A project by:
- AU2040004 - Priya Jani
- AU2040028 - Yansi Memdani
- AU2040110 - Mohnish Mirchandani
- AU2040241 - Priyanshu Pathak
- Python >=v3.4
- Pandas == 1.5.3
- networkx == 3.0
- matplotlib == 3.6.3
- numpy == 1.23.5
- python pickle
Additionally, an extension in VScode for running ipynb files is recommended.
Assuming you have a pre-generated graph ready. You can run the file labeled script.py
. The same consists of helper code to help you out along the way.
You may run the files respectively in order to generate predictions. Additionally each algorithmic implementation has accuracy measured and mapped in the particular algorithm files.
The Following algorithms were implemented in the project:
- Adamic Adar
- Jaccard Coefficient
- Preferential Attachment
- Resource Allocation
- Weighted Projection Algorithm
- GLHub ( Self-Developed Algorithm )
Each of the files are isolated ipynb files which can be run and tested.

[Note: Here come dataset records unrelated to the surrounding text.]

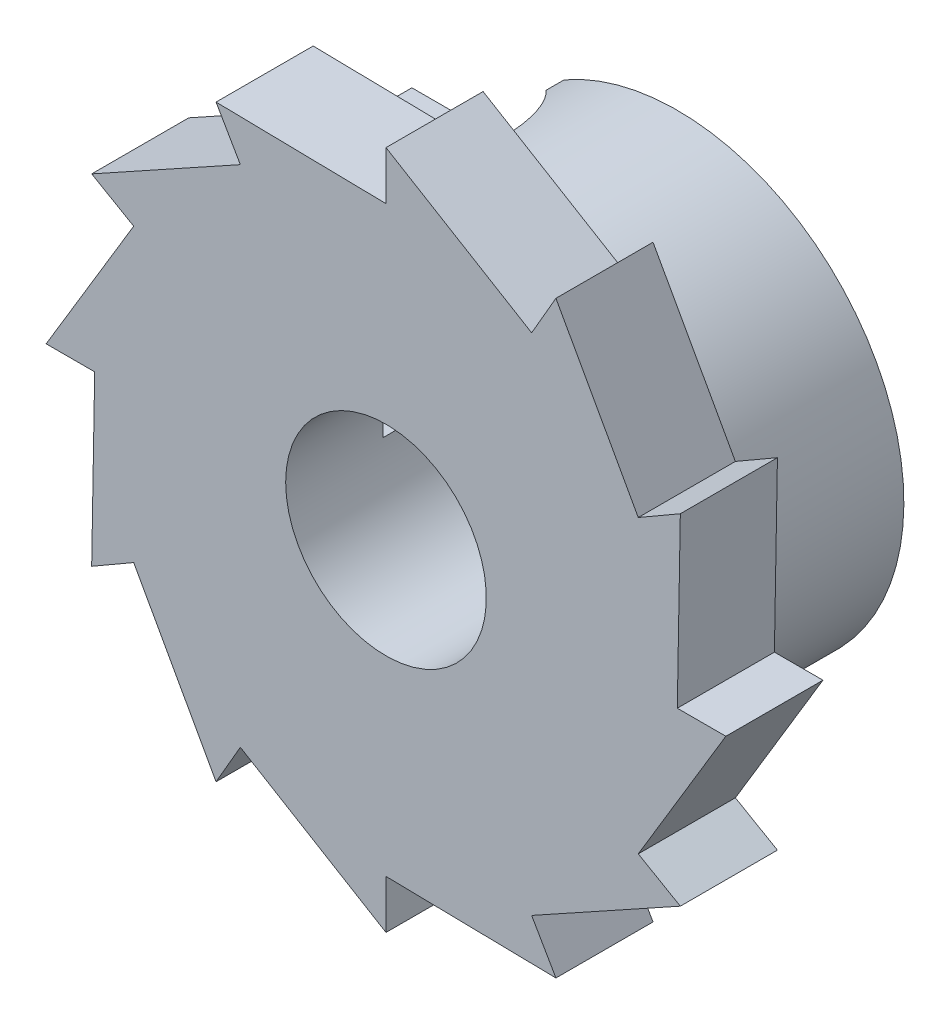
SolidWorks part; units mm, degrees
ref_plane "Front Plane" through (0, 0, 0) normal (0, 0, 1) x (1, 0, 0)
ref_plane "Top Plane" through (0, 0, 0) normal (0, 1, 0) x (1, 0, 0)
ref_plane "Right Plane" through (0, 0, 0) normal (1, 0, 0) x (0, 0, -1)
sketch "Sketch1" plane through (0, 0, 0) normal (0, 0, 1) x (1, 0, 0)
  line L0 (0, 9) -> (0, 10.5)
  line L1 (0.0027, 10.5) -> (-49999.9973, 10.5) construction
  line L2 (0, 0) -> (0, 50000) construction
  line L3 (-0.0178, -0.0309) -> (24999.9822, 43301.2393) construction
  line L4 (0, 9) -> (0, 3.1)
  line L5 (4.5, 7.7942) -> (1.55, 2.6847)
  line L6 (4.5, 7.7942) -> (0, 10.5)
  circle A0 centre (0, 0) radius 9 construction
  circle A1 centre (0, 0) radius 3.1 construction
  arc A2 (0, 10.5) -> (4.5, 7.7942) centre (0, 5.4051) cw construction
  arc A3 (0, 3.1) -> (1.55, 2.6847) centre (0, 0) cw
  dimension "D1" = 6.2
  dimension "D2" = 18
  dimension "D3" = 30
  dimension "D4" = 1.5
extrude "Boss-Extrude1" add sketch "Sketch1" along normal blind 3
pattern_circular "CirPattern1" count 12 over 360 about axis through (0, 0, 3) along (0, 0, -1) of "Boss-Extrude1"
sketch "Sketch3" plane through (0, 0, 0) normal (0, 0, -1) x (-1, 0, 0)
  line L0 (7, -3.5) -> (7, -7)
  line L2 (-7, 0) -> (-7, 7)
  line L3 (-7, 7) -> (7, 7)
  line L5 (7, -7) -> (0, -7)
  line L7 (8.2, 3.5) -> (8.2, -3.5)
  line L8 (8.2, -3.5) -> (7, -3.5)
  line L9 (7, 0) -> (50007, 0) construction
  line L10 (7, 7) -> (8.2, 7)
  line L11 (8.2, 7) -> (8.2, 3.5)
  arc A0 (7, 0) -> (0, -7) centre (0, 0) ccw construction
  arc A1 (0, -7) -> (-7, 0) centre (0, 0) cw
  circle A2 centre (0, 0) radius 3.1
  circle A3 centre (0, 0) radius 3.1 construction
  point P14 (8.2, 0)
  dimension "D1" = 14
  dimension "D2" = 8.2
extrude "Boss-Extrude2" add sketch "Sketch3" along normal blind 6
sketch "Sketch4" plane through (0, 7, 0) normal (0, 1, 0) x (1, 0, 0)
  line L0 (-3.1, 0) -> (3.1, 0) construction
  line L1 (-3.1, 0) -> (3.1, 0) construction
  line L2 (-3.1, 0) -> (-3.1, -50000) construction
  line L4 (-8.2, 3) -> (-3.1, 3) construction
  line L8 (-8.2, 6) -> (-8.2, 0) construction
  circle A1 centre (-5.65, 3) radius 1.5
  point P10 (0, 0)
  point P11 (-5.65, 3)
  point P12 (0, 0)
  dimension "D1" = 3
sketch "Sketch6" plane through (-8.2, 0, 0) normal (-1, 0, 0) x (0, 0, 1)
  line L0 (0, 0) -> (-50000, 0) construction
  line L1 (-6, -0.3) -> (-6, 0.3)
  line L2 (-6, -7) -> (-6, -3.5) construction
  line L3 (-6, 0.3) -> (0, 0.3)
  line L10 (-6, -0.3) -> (0, -0.3)
  line L11 (0, -3.5) -> (0, 3.8252) construction
  line L12 (0, 0.3) -> (0, -0.3)
  point P12 (-0.5, 0)
  dimension "D4" = 0.3
sketch "Sketch9" plane through (0, 7, 0) normal (0, 1, 0) x (1, 0, 0)
  circle A0 centre (-5.65, 3) radius 1.75
  point P0 (-5.65, 3)
  dimension "D1" = 3.5
sketch "Sketch10" plane through (0, 7, 0) normal (0, 1, 0) x (1, 0, 0)
  line L0 (-3.5, 6) -> (-3.5, 5.4372)
  line L1 (-3.5, 0.5628) -> (-3.5, 0)
  line L3 (-3.5, 0) -> (-4.5, 0)
  line L4 (-3.5, 6) -> (-4.5, 6)
  line L5 (-8.2, 6) -> (7, 6) construction
  line L6 (-6.9, 6) -> (-4.5, 6)
  line L7 (-8.2, 6) -> (-8.2, 0) construction
  line L8 (-8.2, 5.0149) -> (-8.2, 0.9851)
  line L9 (-5.9339, 0) -> (6.4095, 0) construction
  line L10 (-6.9, 0) -> (-4.5, 0)
  arc A1 (-6.9, 6) -> (-8.2, 5.0149) centre (-5.65, 3) ccw
  arc A2 (-8.2, 0.9851) -> (-6.9, 0) centre (-5.65, 3) ccw
  arc A3 (-3.5, 0.5628) -> (-3.5, 5.4372) centre (-5.65, 3) ccw
  point P0 (-5.65, 3)
  dimension "D1" = 6.5
extrude "Cut-Extrude19" cut sketch "Sketch6" against normal up to surface (5.1146 mm away) up to face at (-3.1, 0, 3)
extrude "Cut-Extrude12" cut sketch "Sketch4" against normal through all
extrude "Cut-Extrude20" cut sketch "Sketch9" against normal up to surface (6.7 mm away) up to face at (-5.65, 0.3, -1.5)
sketch "Sketch12" plane through (0, 0, -6) normal (0, 0, -1) x (-1, 0, 0)
  line L0 (0, 0) -> (50000, 0) construction
  line L1 (8.2, -3.5) -> (6.0622, -3.5) construction
  line L2 (0, -7) -> (7, -7) construction
  line L3 (8.2, 3.5) -> (6.0622, 3.5)
  line L4 (0, -7) -> (7, -7)
  line L5 (7, -7) -> (7, -3.5)
  line L6 (7, -3.5) -> (6.0622, -3.5)
  line L7 (8.2, 3.5) -> (8.2, 7)
  line L8 (8.2, 7) -> (-7, 7)
  line L9 (-7, 7) -> (-7, 0)
  arc A0 (0, -7) -> (6.0622, -3.5) centre (0, 0) ccw
  arc A1 (6.0622, 3.5) -> (-7, 0) centre (0, 0) ccw
  line M9 (8.2, 0.3) -> (8.2, 7)
  line M10 (8.2, 7) -> (-7, 7)
  line M11 (-7, 7) -> (-7, 0)
  line M13 (0, -7) -> (7, -7)
  line M14 (7, -7) -> (7, -3.5)
extrude "Cut-Extrude21" cut sketch "Sketch12" against normal up to surface (6 mm away) contours A1 L8 M11 | A1 L3 M9 M10 | A0 L6 M13 M14 region at (5.4364, 5.4364, -6) region at (-6.0019, 5.597, -6) region at (-5.2918, -5.7512, -6) up to face at (3.8947, -3.9244, 0)
extrude "Cut-Extrude22" cut sketch "Sketch10" against normal up to surface (3.5 mm away) up to face at (-6.9978, 3.5, -3)
equation "\"ratchetTeethCount\"= 12"
equation "\"D3@Sketch1\"=360/\"ratchetTeethCount\""
equation "\"D1@CirPattern1\"=\"ratchetTeethCount\""
equation "\"ratchetHeight\"=1.5"
equation "\"D4@Sketch1\"=\"ratchetHeight\""
equation "\"ratchetInnerDiameter\"= 18"
equation "\"D2@Sketch1\"=\"ratchetInnerDiameter\""
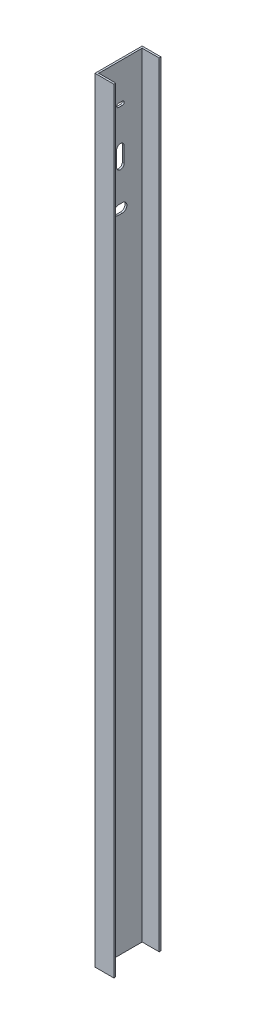
SolidWorks part; units mm, degrees
ref_plane "Front Plane" through (0, 0, 0) normal (0, 0, 1) x (1, 0, 0)
ref_plane "Top Plane" through (0, 0, 0) normal (0, 1, 0) x (1, 0, 0)
ref_plane "Right Plane" through (0, 0, 0) normal (1, 0, 0) x (0, 0, -1)
sketch "Sketch1" plane through (0, 0, 0) normal (0, 1, 0) x (1, 0, 0)
  line L1 (0, 0) -> (10, 0)
  line L2 (0, 0) -> (0, -25)
  line L3 (0, -25) -> (10, -25)
  line L4 (10, 0) -> (10, -25)
  dimension "D1" = 25
  dimension "D2" = 10
extrude "Boss-Extrude1" add sketch "Sketch1" along normal blind 410
sketch "Sketch2" plane through (0, 410, 0) normal (0, 1, 0) x (1, 0, 0)
  line L0 (10, -25) -> (10, 0) construction
  line L1 (10, -1) -> (1, -1)
  line L2 (10, -1) -> (10, -24)
  line L3 (10, -24) -> (1, -24)
  line L4 (1, -1) -> (1, -24)
  line L5 (10, 0) -> (0, 0) construction
  line L6 (0, -25) -> (10, -25) construction
  line L7 (0, 0) -> (0, -25) construction
  dimension "D1" = 1
  dimension "D2" = 1
  dimension "D3" = 1
extrude "Cut-Extrude1" cut sketch "Sketch2" against normal blind 410 contours L1 L4 L3 L2
sketch "Sketch3" plane through (0, 0, 0) normal (-1, 0, 0) x (0, 0, 1)
  line L0 (11.5, 390) -> (13.5, 390) construction
  line L1 (11.5, 391) -> (13.5, 391)
  line L2 (11.5, 389) -> (13.5, 389)
  line L3 (12.5, 370) -> (12.5, 362) construction
  line L4 (14.5, 370) -> (14.5, 362)
  line L5 (10.5, 370) -> (10.5, 362)
  line L6 (11.5, 342) -> (13.5, 342) construction
  line L7 (11.5, 344.4) -> (13.5, 344.4)
  line L8 (11.5, 339.6) -> (13.5, 339.6)
  line L9 (0, 410) -> (25, 410) construction
  line L10 (12.5, 410) -> (12.5, 405.5823) construction
  arc A0 (11.5, 391) -> (11.5, 389) centre (11.5, 390) ccw
  arc A1 (13.5, 389) -> (13.5, 391) centre (13.5, 390) ccw
  arc A2 (14.5, 370) -> (10.5, 370) centre (12.5, 370) ccw
  arc A3 (10.5, 362) -> (14.5, 362) centre (12.5, 362) ccw
  arc A4 (11.5, 344.4) -> (11.5, 339.6) centre (11.5, 342) ccw
  arc A5 (13.5, 339.6) -> (13.5, 344.4) centre (13.5, 342) ccw
  point P2 (12.5, 390)
  point P7 (12.5, 366)
  point P14 (12.5, 342)
  dimension "D4" = 1
  dimension "D6" = 2
  dimension "D9" = 2.4
  dimension "D1" = 20
  dimension "D2" = 20
  dimension "D3" = 2
  dimension "D5" = 8
  dimension "D7" = 20
  dimension "D8" = 2
extrude "Cut-Extrude2" cut sketch "Sketch3" against normal blind 410 contours L2 A1 L1 A0
extrude "Cut-Extrude3" cut sketch "Sketch3<3>" against normal blind 410 contours A2 L5 A3 L4
sketch "Sketch3<3>" plane through (0, 0, 0) normal (-1, 0, 0) x (0, 0, 1) same geometry as "Sketch3"
extrude "Cut-Extrude4" cut sketch "Sketch3<4>" against normal blind 410 contours L7 A5 L8 A4
sketch "Sketch3<4>" plane through (0, 0, 0) normal (-1, 0, 0) x (0, 0, 1) same geometry as "Sketch3"

A considerable amount of time went in data collection specifically because of first-hand data collection for the project. The same was done using the currently presented github api. Additionally, Github API had a limit of 1000 queries per hour for personal users. The following data was collected for the project
- A set of Issues
- A set of Users
- A set of Pull Requests
- The Languages of each issue
- The Contributions of Each User
The code has majorly been tested on two graphs of similar configurations but varying scales. The configuration of our graphs is as follows:
Nodes (types):
- User
- Issue
Edges:
- User --- User -> Commonly Contributed Repositories
- User --- User -> Commonly Starred Repositories
- User --- Issue -> Contribution
- Issue --- Issue -> Common Languages of Parent Repository
- A cumulative of 11000 Nodes and 291375 edges
- Around 3000 users and 8000 issues
You may find the graphs here: click here
- A cumulative of 97375 Nodes and 482442 edges
- Around 29460 users and 67935 issues
You may find the graphs here: click here
- Fetch all the closed pull requests of respective repositories
- Use the pull requests to fetch all the users and issues related to the pull request
- Connect users across issues using the pull requests
- Connect users across users using
- Contributed Repositories
- Starred Repositories
- Connect Issues across Issues using
- Languages
- Generate connections across unmapped users and unclosed issues
- A list of repositories from github allstars for the year 2021-2022
- Around 2500 repositories used.
- Disconnected or sparsely connected nodes will not have predictions.
- Algorithms do not take into account different users, issues, weights.
- The accuracy is generally lower than non-network based prediction.
- Accuracy Measurement is not guaranteeing a correct accuracy prediction.